++++ MATERIAL FOR THIS TASK

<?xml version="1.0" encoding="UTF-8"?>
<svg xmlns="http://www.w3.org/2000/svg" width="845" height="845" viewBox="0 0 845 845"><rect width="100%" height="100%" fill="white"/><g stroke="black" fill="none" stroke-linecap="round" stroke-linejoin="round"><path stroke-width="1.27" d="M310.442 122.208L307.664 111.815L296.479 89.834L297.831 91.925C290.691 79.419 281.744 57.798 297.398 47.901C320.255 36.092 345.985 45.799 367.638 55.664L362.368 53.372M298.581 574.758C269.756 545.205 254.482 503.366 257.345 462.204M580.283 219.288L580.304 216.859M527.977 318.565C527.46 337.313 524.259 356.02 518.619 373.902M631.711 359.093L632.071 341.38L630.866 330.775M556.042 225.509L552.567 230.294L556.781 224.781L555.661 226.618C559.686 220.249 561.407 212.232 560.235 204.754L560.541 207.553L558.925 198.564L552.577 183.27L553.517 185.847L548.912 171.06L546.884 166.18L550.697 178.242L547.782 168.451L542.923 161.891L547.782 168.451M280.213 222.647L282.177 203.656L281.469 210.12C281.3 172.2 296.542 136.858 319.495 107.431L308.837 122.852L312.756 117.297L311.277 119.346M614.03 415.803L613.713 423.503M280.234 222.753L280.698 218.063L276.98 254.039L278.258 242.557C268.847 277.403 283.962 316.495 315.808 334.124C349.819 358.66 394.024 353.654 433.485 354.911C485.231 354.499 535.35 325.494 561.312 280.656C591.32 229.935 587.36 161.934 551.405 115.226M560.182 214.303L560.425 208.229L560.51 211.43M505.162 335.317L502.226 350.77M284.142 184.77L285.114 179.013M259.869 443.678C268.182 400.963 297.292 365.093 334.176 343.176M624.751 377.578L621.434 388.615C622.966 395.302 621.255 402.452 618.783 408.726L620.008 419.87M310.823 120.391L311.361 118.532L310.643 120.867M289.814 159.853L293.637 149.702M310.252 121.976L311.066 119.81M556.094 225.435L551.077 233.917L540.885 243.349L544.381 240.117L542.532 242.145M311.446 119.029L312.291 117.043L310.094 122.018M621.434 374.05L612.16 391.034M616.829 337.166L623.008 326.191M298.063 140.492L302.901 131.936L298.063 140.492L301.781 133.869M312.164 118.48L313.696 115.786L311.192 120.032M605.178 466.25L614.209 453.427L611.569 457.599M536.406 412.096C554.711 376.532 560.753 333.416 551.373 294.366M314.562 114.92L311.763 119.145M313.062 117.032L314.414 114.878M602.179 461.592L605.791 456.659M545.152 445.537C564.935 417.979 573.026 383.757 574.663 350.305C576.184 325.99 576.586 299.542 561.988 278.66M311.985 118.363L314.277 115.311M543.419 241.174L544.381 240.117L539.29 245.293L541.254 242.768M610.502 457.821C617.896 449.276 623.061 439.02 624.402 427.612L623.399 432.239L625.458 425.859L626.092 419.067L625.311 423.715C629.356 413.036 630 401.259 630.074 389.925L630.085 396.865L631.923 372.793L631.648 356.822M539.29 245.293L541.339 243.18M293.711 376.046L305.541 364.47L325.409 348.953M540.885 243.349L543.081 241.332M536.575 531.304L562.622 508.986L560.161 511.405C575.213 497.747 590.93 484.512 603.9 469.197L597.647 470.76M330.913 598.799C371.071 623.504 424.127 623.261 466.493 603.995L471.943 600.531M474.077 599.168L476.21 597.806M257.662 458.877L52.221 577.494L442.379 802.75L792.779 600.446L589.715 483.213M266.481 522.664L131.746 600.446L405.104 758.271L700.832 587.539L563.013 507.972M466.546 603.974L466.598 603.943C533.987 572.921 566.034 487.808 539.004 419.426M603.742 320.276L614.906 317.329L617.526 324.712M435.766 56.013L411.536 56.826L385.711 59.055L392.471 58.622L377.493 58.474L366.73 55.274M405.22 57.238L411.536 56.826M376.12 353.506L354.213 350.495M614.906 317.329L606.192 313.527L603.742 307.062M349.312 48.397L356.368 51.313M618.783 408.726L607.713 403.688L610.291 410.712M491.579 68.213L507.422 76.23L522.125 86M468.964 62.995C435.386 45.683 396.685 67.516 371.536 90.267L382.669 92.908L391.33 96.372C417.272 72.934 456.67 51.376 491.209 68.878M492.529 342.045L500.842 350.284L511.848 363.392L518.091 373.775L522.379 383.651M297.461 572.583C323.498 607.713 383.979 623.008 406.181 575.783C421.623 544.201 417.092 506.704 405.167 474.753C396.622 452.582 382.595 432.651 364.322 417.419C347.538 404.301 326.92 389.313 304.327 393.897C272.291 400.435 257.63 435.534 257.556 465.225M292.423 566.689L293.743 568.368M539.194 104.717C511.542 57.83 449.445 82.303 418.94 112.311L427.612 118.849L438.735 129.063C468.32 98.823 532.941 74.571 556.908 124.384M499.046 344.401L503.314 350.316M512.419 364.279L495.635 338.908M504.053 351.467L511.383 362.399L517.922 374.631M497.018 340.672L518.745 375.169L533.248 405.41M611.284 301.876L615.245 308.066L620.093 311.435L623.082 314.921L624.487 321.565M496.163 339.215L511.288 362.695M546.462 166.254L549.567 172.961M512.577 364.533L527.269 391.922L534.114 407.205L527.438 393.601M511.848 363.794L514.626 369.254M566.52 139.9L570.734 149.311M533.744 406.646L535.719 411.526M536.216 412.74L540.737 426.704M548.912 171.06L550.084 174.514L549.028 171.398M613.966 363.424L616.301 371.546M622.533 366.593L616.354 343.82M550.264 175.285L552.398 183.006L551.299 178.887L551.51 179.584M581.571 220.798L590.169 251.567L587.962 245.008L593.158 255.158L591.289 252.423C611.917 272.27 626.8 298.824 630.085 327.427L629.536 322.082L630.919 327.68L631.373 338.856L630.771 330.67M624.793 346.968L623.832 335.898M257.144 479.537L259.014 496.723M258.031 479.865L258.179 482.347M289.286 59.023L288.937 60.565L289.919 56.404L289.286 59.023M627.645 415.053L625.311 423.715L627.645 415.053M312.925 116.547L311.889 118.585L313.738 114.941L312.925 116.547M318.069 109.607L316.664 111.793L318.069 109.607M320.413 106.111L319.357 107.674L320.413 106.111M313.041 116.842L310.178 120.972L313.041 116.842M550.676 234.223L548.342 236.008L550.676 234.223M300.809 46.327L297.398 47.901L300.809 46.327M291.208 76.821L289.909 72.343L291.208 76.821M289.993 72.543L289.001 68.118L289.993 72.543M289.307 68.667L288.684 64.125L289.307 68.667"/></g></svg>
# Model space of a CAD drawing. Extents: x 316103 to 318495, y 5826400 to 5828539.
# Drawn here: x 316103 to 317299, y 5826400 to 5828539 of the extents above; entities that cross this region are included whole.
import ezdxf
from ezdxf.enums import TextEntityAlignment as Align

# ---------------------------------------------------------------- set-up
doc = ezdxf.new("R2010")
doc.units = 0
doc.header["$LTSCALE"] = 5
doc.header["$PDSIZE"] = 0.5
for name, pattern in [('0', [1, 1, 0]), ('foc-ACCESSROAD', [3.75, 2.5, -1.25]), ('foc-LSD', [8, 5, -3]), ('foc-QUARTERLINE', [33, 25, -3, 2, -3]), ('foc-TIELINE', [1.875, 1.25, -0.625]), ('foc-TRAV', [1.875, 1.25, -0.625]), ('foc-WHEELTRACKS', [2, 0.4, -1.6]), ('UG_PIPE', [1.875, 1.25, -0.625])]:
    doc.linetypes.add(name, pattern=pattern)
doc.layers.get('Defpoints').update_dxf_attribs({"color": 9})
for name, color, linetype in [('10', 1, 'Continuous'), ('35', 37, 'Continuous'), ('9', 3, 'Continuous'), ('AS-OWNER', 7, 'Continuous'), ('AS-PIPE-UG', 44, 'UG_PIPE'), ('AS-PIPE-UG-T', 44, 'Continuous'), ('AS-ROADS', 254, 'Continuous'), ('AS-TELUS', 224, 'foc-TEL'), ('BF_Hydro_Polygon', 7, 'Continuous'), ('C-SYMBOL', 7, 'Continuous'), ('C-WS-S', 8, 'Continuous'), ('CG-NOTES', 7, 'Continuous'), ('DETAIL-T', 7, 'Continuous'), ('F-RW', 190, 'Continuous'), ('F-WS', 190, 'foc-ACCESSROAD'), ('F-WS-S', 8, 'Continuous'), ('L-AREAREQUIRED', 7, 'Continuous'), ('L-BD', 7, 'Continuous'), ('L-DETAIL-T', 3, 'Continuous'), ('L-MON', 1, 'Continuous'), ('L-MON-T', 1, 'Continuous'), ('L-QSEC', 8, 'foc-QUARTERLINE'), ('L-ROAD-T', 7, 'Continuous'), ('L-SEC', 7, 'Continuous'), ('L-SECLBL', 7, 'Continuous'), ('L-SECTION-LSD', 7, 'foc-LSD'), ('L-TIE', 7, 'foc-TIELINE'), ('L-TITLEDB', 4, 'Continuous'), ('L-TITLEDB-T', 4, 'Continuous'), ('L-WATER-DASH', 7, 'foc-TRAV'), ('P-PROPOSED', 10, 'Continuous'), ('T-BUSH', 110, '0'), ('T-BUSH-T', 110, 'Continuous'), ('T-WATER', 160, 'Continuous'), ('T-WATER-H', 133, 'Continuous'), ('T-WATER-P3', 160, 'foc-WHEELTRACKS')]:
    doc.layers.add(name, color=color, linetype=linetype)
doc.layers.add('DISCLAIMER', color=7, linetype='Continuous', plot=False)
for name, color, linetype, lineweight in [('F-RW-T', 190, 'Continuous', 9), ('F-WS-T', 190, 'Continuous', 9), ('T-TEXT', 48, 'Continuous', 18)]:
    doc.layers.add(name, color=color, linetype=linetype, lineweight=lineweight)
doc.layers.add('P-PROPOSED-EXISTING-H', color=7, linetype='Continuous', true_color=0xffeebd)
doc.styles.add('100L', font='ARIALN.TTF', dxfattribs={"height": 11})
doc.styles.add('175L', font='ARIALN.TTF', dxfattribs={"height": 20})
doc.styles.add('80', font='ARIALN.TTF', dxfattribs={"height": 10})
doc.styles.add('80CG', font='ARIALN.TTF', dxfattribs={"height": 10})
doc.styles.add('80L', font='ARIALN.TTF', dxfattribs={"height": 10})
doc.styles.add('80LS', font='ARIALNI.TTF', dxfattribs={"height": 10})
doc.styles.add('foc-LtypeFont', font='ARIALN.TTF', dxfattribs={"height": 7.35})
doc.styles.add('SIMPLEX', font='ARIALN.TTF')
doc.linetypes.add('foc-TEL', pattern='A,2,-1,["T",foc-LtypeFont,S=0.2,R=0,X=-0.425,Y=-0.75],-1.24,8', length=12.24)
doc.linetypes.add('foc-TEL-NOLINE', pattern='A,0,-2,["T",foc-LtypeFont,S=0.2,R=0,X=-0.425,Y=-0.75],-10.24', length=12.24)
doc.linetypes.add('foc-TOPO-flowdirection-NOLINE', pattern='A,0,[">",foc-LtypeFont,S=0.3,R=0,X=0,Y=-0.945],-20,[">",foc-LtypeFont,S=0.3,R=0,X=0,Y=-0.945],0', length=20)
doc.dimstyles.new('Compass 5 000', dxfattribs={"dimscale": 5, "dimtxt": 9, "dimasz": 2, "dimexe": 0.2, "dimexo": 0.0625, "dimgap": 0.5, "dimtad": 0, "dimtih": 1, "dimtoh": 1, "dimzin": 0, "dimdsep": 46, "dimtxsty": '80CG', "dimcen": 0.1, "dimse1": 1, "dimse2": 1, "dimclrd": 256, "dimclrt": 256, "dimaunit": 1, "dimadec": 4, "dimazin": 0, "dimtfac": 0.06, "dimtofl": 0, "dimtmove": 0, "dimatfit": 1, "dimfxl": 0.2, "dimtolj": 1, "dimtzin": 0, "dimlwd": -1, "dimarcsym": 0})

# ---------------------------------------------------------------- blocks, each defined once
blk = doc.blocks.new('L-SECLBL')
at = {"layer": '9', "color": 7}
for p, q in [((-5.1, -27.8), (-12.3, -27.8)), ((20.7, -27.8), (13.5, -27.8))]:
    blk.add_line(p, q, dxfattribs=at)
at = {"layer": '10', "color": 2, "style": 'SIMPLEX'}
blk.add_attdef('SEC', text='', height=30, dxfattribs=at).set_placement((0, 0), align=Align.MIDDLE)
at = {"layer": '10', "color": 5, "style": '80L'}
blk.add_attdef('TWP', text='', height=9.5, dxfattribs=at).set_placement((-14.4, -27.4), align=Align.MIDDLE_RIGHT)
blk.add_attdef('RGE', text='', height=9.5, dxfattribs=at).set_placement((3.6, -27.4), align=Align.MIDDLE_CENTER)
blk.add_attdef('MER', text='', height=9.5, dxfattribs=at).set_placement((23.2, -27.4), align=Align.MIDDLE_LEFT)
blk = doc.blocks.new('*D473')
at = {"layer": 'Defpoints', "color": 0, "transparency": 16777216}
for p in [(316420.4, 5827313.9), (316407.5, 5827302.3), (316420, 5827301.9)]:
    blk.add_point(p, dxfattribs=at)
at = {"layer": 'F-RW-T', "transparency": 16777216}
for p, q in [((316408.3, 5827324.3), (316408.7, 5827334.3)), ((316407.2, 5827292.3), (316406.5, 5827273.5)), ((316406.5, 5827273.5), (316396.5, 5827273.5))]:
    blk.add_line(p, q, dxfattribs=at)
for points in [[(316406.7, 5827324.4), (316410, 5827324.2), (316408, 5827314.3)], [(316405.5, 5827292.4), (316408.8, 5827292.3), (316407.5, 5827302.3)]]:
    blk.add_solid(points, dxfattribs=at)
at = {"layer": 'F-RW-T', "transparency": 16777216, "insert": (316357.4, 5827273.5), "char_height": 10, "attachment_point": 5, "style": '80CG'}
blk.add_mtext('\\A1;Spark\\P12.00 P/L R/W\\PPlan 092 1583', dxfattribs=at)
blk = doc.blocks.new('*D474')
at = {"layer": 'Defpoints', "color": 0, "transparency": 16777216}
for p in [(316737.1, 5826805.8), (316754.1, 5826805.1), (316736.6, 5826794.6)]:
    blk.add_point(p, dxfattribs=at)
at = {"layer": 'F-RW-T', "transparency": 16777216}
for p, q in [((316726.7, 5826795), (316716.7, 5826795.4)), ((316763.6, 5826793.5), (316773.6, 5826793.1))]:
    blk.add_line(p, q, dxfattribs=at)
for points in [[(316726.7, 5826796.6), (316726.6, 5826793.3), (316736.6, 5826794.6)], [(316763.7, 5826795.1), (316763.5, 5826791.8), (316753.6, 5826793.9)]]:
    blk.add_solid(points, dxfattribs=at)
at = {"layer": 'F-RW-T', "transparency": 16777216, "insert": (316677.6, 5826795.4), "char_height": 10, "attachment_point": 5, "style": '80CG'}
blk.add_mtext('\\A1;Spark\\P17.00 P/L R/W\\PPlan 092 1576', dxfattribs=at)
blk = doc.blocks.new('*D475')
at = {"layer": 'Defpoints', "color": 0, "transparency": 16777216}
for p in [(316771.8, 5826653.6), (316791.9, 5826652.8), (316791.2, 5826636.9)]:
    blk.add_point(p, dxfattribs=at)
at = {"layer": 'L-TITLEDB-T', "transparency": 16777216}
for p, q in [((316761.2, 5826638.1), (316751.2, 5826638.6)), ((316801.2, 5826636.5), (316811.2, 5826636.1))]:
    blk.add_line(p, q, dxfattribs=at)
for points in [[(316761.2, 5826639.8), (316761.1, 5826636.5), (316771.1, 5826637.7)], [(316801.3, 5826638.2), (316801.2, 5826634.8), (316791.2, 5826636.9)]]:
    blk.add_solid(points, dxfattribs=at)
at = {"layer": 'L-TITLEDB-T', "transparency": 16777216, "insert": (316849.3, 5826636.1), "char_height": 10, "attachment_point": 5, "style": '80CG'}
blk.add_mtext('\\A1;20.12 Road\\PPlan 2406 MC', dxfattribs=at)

++++++++

## TASK TO CARRY OUT
Would you please repeat exactly the lines above, starting at the line with "blk = doc.blocks.new('L-SECLBL')" and stopping at the line with "blk = doc.blocks.new('*D473')", both included?

## OUTPUT
blk = doc.blocks.new('L-SECLBL')
at = {"layer": '9', "color": 7}
for p, q in [((-5.1, -27.8), (-12.3, -27.8)), ((20.7, -27.8), (13.5, -27.8))]:
    blk.add_line(p, q, dxfattribs=at)
at = {"layer": '10', "color": 2, "style": 'SIMPLEX'}
blk.add_attdef('SEC', text='', height=30, dxfattribs=at).set_placement((0, 0), align=Align.MIDDLE)
at = {"layer": '10', "color": 5, "style": '80L'}
blk.add_attdef('TWP', text='', height=9.5, dxfattribs=at).set_placement((-14.4, -27.4), align=Align.MIDDLE_RIGHT)
blk.add_attdef('RGE', text='', height=9.5, dxfattribs=at).set_placement((3.6, -27.4), align=Align.MIDDLE_CENTER)
blk.add_attdef('MER', text='', height=9.5, dxfattribs=at).set_placement((23.2, -27.4), align=Align.MIDDLE_LEFT)
blk = doc.blocks.new('*D473')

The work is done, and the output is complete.